Pemerintah melalui Peraturan Menteri Pertanian (Permentan) No.32 Tahun 2010 akhirnya menaikkan harga eceran tertinggi (HET) pupuk bersubsidi dengan besaran sekitar 30-35 persen.
Dengan kenaikan harga tersebut maka HET pupuk urea dari harga sebelumnya Rp 1.200 naik menjadi Rp 1.600 per kilogram, pupuk SP-36 dari Rp 1.550 menjadi Rp 2.000 per kilogram, pupuk ZA dari Rp 1.050 menjadi Rp 1.400 per kilogram, dan pupuk NPK naik dari kisaran Rp 1.586-Rp 1.830 menjadi Rp 2.300/kg serta pupuk organik semula Rp 500/kg menjadi Rp 700/kg.

Kenaikan HET pupuk yang telah berlaku mulai 9 April 2010 tersebut diumumkan Menteri Pertanian Suswono di Kementerian Pertanian Jakarta.

Alasan beliau menaikkan harga pupuk bersubsidi adalah:

  1. Dalam rangka meningkatkan efisiensi penggunaan pupuk,
  2. Mengurangi distorsi pasar pupuk akibat disparitas harga pupuk bersubsidi dengan non subsidi
  3. Menghemat devisa negara dalam pengadaan bahan baku pupuk fosfor dan kalium yang diimpor.
Saya yakin hal ini merupakan pukulan telak bagi petani-petani kecil indonesia dengan luasan lahan dibawah 0,25 ha (mayoritas petani indonesia) sehingga mereka akan semakin tercekik.
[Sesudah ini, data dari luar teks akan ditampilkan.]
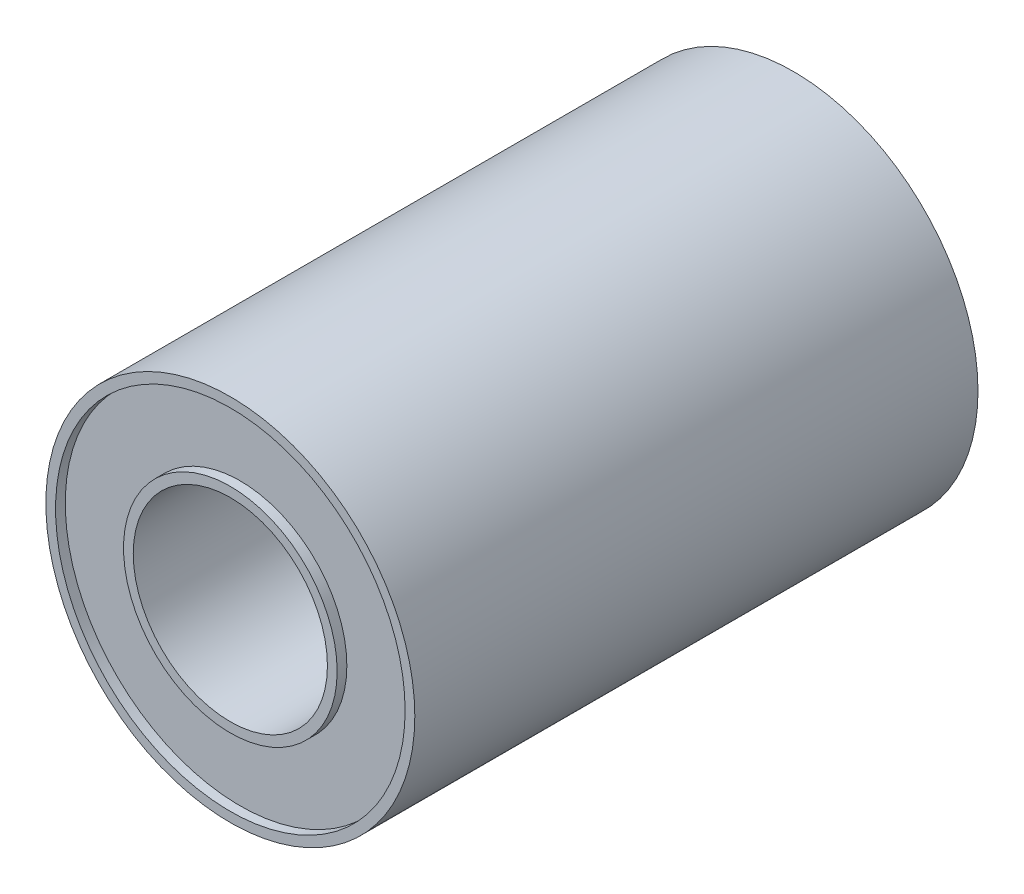
SolidWorks part; units mm, degrees
ref_plane "Ebene vorne" through (0, 0, 0) normal (0, 0, 1) x (1, 0, 0)
ref_plane "Ebene oben" through (0, 0, 0) normal (0, 1, 0) x (1, 0, 0)
ref_plane "Ebene rechts" through (0, 0, 0) normal (1, 0, 0) x (0, 0, -1)
sketch "Skizze1" plane through (0, 0, 0) normal (0, 0, 1) x (1, 0, 0)
  circle A0 centre (0, 0) radius 9.5
  circle A1 centre (0, 0) radius 5
extrude "Aufsatz-Linear austragen1" add sketch "Skizze1" against normal blind 29
sketch "Skizze2" plane through (0, 0, 0) normal (0, 0, 1) x (1, 0, 0)
  circle A0 centre (0, 0) radius 5.5
  circle A1 centre (0, 0) radius 9
extrude "Schnitt-Linear austragen1" cut sketch "Skizze2" against normal blind 0.5
sketch "Skizze3" plane through (0, 0, -29) normal (0, 0, -1) x (-1, 0, 0)
  circle A0 centre (0, 0) radius 5.5
  circle A1 centre (0, 0) radius 9
extrude "Schnitt-Linear austragen2" cut sketch "Skizze3" against normal blind 0.5

Jangankan dengan HET 1600/kg dengan HET 1200/kg saja mereka masih terasa berat karena kenyataan di lapangan harga tersebut saat musim pemakaian bisa melambung menjadi 2000/kg. Karena mereka membeli dalam jumlah di bawah 1 Zak atau 50 kg.

Alternatif utama petani untuk menggantikan pupuk bersubsidi tersebut adalah menggunakan pupuk organik. Tapi bukankah pupuk organik tersebut tidak bisa bersifat instan, harus menunggu beberapa musim tanam baru bisa efektif. Kenyataan dilapangan petani kecil umumnya adalah petani penggarap sehingga mereka berfikir untuk apa saya pakai organik tapi musim besok saya udah tidak menggarap lahan tersebut.
Yang menjadi pukulan ke dua adalah kenaikan harga pupuk bersubsidi tersebut terjadi disaat awal musim tanam sadon ini sehingga petani tidak mempunyai persiapan dana untuk penambahan biaya produksi.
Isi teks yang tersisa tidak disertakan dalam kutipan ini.